## Assignment
The records that follow must be repeated exactly, except for their pictures.

(Excerpts from a dataset)
____________
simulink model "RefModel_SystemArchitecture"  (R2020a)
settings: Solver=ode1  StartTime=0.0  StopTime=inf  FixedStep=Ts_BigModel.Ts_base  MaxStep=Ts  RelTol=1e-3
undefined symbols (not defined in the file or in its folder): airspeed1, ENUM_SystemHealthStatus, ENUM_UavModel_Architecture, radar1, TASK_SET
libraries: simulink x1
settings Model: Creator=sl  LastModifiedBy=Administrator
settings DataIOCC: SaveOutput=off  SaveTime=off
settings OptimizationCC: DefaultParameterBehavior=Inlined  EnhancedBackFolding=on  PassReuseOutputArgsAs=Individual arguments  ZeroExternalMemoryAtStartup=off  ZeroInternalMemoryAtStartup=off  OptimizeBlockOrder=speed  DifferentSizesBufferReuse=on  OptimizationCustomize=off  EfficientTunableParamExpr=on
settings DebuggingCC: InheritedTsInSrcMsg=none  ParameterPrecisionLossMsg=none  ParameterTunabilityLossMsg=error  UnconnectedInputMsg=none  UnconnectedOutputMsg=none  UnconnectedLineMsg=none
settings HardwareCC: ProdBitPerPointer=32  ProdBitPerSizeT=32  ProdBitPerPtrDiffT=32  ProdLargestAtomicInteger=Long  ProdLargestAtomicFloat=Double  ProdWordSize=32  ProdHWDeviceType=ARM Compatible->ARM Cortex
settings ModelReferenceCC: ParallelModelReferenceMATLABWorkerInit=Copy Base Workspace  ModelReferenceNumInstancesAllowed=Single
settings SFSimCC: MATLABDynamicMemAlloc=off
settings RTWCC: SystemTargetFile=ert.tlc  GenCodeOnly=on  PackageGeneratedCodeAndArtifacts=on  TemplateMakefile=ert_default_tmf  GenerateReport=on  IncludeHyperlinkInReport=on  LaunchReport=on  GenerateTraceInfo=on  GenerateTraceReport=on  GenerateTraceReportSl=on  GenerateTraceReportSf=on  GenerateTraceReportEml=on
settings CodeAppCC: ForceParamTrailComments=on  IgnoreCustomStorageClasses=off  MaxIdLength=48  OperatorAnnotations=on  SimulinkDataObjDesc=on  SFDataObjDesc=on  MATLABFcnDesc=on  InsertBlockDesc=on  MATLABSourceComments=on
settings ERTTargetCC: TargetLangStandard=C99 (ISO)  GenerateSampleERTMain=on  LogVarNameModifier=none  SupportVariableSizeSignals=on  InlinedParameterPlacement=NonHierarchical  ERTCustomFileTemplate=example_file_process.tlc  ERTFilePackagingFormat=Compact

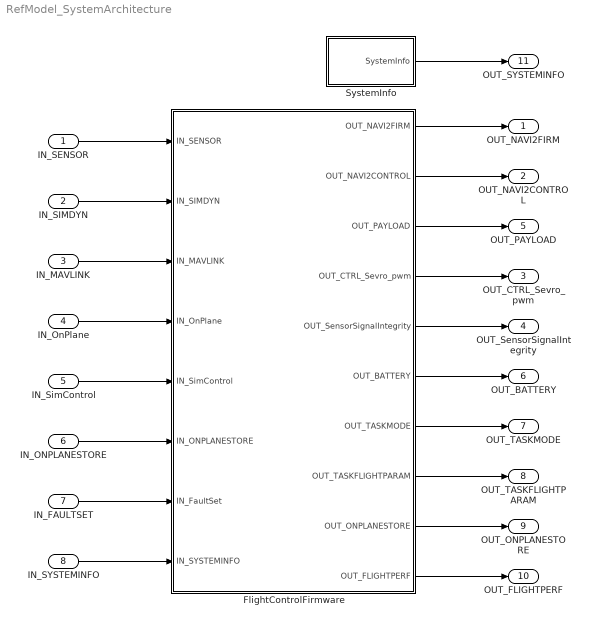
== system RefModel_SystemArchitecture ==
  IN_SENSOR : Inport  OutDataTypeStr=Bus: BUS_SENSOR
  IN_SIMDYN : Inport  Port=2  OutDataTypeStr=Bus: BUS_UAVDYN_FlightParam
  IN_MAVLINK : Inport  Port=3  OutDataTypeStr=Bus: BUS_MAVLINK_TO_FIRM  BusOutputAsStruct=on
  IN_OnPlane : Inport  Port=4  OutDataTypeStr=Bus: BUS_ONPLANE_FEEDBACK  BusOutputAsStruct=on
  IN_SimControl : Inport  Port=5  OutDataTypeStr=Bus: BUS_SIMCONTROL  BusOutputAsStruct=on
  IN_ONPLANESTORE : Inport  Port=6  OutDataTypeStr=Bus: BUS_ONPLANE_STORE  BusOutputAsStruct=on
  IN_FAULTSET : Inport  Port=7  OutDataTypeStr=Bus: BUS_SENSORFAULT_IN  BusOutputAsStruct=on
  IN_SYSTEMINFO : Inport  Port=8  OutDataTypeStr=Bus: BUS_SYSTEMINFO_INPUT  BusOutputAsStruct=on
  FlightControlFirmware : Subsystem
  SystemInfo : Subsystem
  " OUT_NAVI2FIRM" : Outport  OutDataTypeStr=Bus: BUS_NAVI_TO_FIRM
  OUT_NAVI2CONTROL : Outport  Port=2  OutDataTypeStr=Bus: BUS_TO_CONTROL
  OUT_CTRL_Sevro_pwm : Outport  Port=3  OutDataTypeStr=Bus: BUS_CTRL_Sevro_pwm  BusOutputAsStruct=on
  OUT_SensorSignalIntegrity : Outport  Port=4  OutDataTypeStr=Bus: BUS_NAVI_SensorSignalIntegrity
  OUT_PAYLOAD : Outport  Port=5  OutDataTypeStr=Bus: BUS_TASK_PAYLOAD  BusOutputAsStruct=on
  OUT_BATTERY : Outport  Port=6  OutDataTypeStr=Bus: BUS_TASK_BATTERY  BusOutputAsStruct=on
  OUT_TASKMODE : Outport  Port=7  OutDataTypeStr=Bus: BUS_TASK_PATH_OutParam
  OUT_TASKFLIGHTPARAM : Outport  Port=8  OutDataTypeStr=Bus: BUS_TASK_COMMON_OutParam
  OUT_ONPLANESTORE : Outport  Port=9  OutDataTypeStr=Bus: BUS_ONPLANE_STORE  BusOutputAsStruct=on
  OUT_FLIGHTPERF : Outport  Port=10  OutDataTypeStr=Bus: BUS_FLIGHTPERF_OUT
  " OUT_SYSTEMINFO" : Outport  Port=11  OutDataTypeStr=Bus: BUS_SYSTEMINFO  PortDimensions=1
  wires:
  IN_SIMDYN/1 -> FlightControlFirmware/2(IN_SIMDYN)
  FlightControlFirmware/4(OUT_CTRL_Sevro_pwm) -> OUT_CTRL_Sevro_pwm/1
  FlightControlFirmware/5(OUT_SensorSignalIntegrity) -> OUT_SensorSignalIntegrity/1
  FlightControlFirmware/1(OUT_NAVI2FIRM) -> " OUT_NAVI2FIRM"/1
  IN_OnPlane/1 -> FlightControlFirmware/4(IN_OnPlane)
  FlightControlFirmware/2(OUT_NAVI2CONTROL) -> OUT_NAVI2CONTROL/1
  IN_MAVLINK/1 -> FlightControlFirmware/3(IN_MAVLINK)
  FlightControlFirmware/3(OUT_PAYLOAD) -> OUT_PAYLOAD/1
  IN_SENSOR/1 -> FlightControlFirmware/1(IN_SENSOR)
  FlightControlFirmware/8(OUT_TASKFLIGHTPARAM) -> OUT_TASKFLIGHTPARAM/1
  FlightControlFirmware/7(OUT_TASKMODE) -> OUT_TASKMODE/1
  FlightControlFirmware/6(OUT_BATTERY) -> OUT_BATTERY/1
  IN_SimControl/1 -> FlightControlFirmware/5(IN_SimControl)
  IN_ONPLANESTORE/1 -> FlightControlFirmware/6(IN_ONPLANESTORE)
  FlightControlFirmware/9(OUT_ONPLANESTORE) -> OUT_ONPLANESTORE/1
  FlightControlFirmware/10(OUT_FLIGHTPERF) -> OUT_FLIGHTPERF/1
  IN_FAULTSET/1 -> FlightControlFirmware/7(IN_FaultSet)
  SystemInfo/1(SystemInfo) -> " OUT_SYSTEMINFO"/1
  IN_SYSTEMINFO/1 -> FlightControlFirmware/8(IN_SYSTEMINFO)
____________
## Reply
simulink model "RefModel_SystemArchitecture"  (R2020a)
settings: Solver=ode1  StartTime=0.0  StopTime=inf  FixedStep=Ts_BigModel.Ts_base  MaxStep=Ts  RelTol=1e-3
undefined symbols (not defined in the file or in its folder): airspeed1, ENUM_SystemHealthStatus, ENUM_UavModel_Architecture, radar1, TASK_SET
libraries: simulink x1
settings Model: Creator=sl  LastModifiedBy=Administrator
settings DataIOCC: SaveOutput=off  SaveTime=off
settings OptimizationCC: DefaultParameterBehavior=Inlined  EnhancedBackFolding=on  PassReuseOutputArgsAs=Individual arguments  ZeroExternalMemoryAtStartup=off  ZeroInternalMemoryAtStartup=off  OptimizeBlockOrder=speed  DifferentSizesBufferReuse=on  OptimizationCustomize=off  EfficientTunableParamExpr=on
settings DebuggingCC: InheritedTsInSrcMsg=none  ParameterPrecisionLossMsg=none  ParameterTunabilityLossMsg=error  UnconnectedInputMsg=none  UnconnectedOutputMsg=none  UnconnectedLineMsg=none
settings HardwareCC: ProdBitPerPointer=32  ProdBitPerSizeT=32  ProdBitPerPtrDiffT=32  ProdLargestAtomicInteger=Long  ProdLargestAtomicFloat=Double  ProdWordSize=32  ProdHWDeviceType=ARM Compatible->ARM Cortex
settings ModelReferenceCC: ParallelModelReferenceMATLABWorkerInit=Copy Base Workspace  ModelReferenceNumInstancesAllowed=Single
settings SFSimCC: MATLABDynamicMemAlloc=off
settings RTWCC: SystemTargetFile=ert.tlc  GenCodeOnly=on  PackageGeneratedCodeAndArtifacts=on  TemplateMakefile=ert_default_tmf  GenerateReport=on  IncludeHyperlinkInReport=on  LaunchReport=on  GenerateTraceInfo=on  GenerateTraceReport=on  GenerateTraceReportSl=on  GenerateTraceReportSf=on  GenerateTraceReportEml=on
settings CodeAppCC: ForceParamTrailComments=on  IgnoreCustomStorageClasses=off  MaxIdLength=48  OperatorAnnotations=on  SimulinkDataObjDesc=on  SFDataObjDesc=on  MATLABFcnDesc=on  InsertBlockDesc=on  MATLABSourceComments=on
settings ERTTargetCC: TargetLangStandard=C99 (ISO)  GenerateSampleERTMain=on  LogVarNameModifier=none  SupportVariableSizeSignals=on  InlinedParameterPlacement=NonHierarchical  ERTCustomFileTemplate=example_file_process.tlc  ERTFilePackagingFormat=Compact

== system RefModel_SystemArchitecture ==
  IN_SENSOR : Inport  OutDataTypeStr=Bus: BUS_SENSOR
  IN_SIMDYN : Inport  Port=2  OutDataTypeStr=Bus: BUS_UAVDYN_FlightParam
  IN_MAVLINK : Inport  Port=3  OutDataTypeStr=Bus: BUS_MAVLINK_TO_FIRM  BusOutputAsStruct=on
  IN_OnPlane : Inport  Port=4  OutDataTypeStr=Bus: BUS_ONPLANE_FEEDBACK  BusOutputAsStruct=on
  IN_SimControl : Inport  Port=5  OutDataTypeStr=Bus: BUS_SIMCONTROL  BusOutputAsStruct=on
  IN_ONPLANESTORE : Inport  Port=6  OutDataTypeStr=Bus: BUS_ONPLANE_STORE  BusOutputAsStruct=on
  IN_FAULTSET : Inport  Port=7  OutDataTypeStr=Bus: BUS_SENSORFAULT_IN  BusOutputAsStruct=on
  IN_SYSTEMINFO : Inport  Port=8  OutDataTypeStr=Bus: BUS_SYSTEMINFO_INPUT  BusOutputAsStruct=on
  FlightControlFirmware : Subsystem
  SystemInfo : Subsystem
  " OUT_NAVI2FIRM" : Outport  OutDataTypeStr=Bus: BUS_NAVI_TO_FIRM
  OUT_NAVI2CONTROL : Outport  Port=2  OutDataTypeStr=Bus: BUS_TO_CONTROL
  OUT_CTRL_Sevro_pwm : Outport  Port=3  OutDataTypeStr=Bus: BUS_CTRL_Sevro_pwm  BusOutputAsStruct=on
  OUT_SensorSignalIntegrity : Outport  Port=4  OutDataTypeStr=Bus: BUS_NAVI_SensorSignalIntegrity
  OUT_PAYLOAD : Outport  Port=5  OutDataTypeStr=Bus: BUS_TASK_PAYLOAD  BusOutputAsStruct=on
  OUT_BATTERY : Outport  Port=6  OutDataTypeStr=Bus: BUS_TASK_BATTERY  BusOutputAsStruct=on
  OUT_TASKMODE : Outport  Port=7  OutDataTypeStr=Bus: BUS_TASK_PATH_OutParam
  OUT_TASKFLIGHTPARAM : Outport  Port=8  OutDataTypeStr=Bus: BUS_TASK_COMMON_OutParam
  OUT_ONPLANESTORE : Outport  Port=9  OutDataTypeStr=Bus: BUS_ONPLANE_STORE  BusOutputAsStruct=on
  OUT_FLIGHTPERF : Outport  Port=10  OutDataTypeStr=Bus: BUS_FLIGHTPERF_OUT
  " OUT_SYSTEMINFO" : Outport  Port=11  OutDataTypeStr=Bus: BUS_SYSTEMINFO  PortDimensions=1
  wires:
  IN_SIMDYN/1 -> FlightControlFirmware/2(IN_SIMDYN)
  FlightControlFirmware/4(OUT_CTRL_Sevro_pwm) -> OUT_CTRL_Sevro_pwm/1
  FlightControlFirmware/5(OUT_SensorSignalIntegrity) -> OUT_SensorSignalIntegrity/1
  FlightControlFirmware/1(OUT_NAVI2FIRM) -> " OUT_NAVI2FIRM"/1
  IN_OnPlane/1 -> FlightControlFirmware/4(IN_OnPlane)
  FlightControlFirmware/2(OUT_NAVI2CONTROL) -> OUT_NAVI2CONTROL/1
  IN_MAVLINK/1 -> FlightControlFirmware/3(IN_MAVLINK)
  FlightControlFirmware/3(OUT_PAYLOAD) -> OUT_PAYLOAD/1
  IN_SENSOR/1 -> FlightControlFirmware/1(IN_SENSOR)
  FlightControlFirmware/8(OUT_TASKFLIGHTPARAM) -> OUT_TASKFLIGHTPARAM/1
  FlightControlFirmware/7(OUT_TASKMODE) -> OUT_TASKMODE/1
  FlightControlFirmware/6(OUT_BATTERY) -> OUT_BATTERY/1
  IN_SimControl/1 -> FlightControlFirmware/5(IN_SimControl)
  IN_ONPLANESTORE/1 -> FlightControlFirmware/6(IN_ONPLANESTORE)
  FlightControlFirmware/9(OUT_ONPLANESTORE) -> OUT_ONPLANESTORE/1
  FlightControlFirmware/10(OUT_FLIGHTPERF) -> OUT_FLIGHTPERF/1
  IN_FAULTSET/1 -> FlightControlFirmware/7(IN_FaultSet)
  SystemInfo/1(SystemInfo) -> " OUT_SYSTEMINFO"/1
  IN_SYSTEMINFO/1 -> FlightControlFirmware/8(IN_SYSTEMINFO)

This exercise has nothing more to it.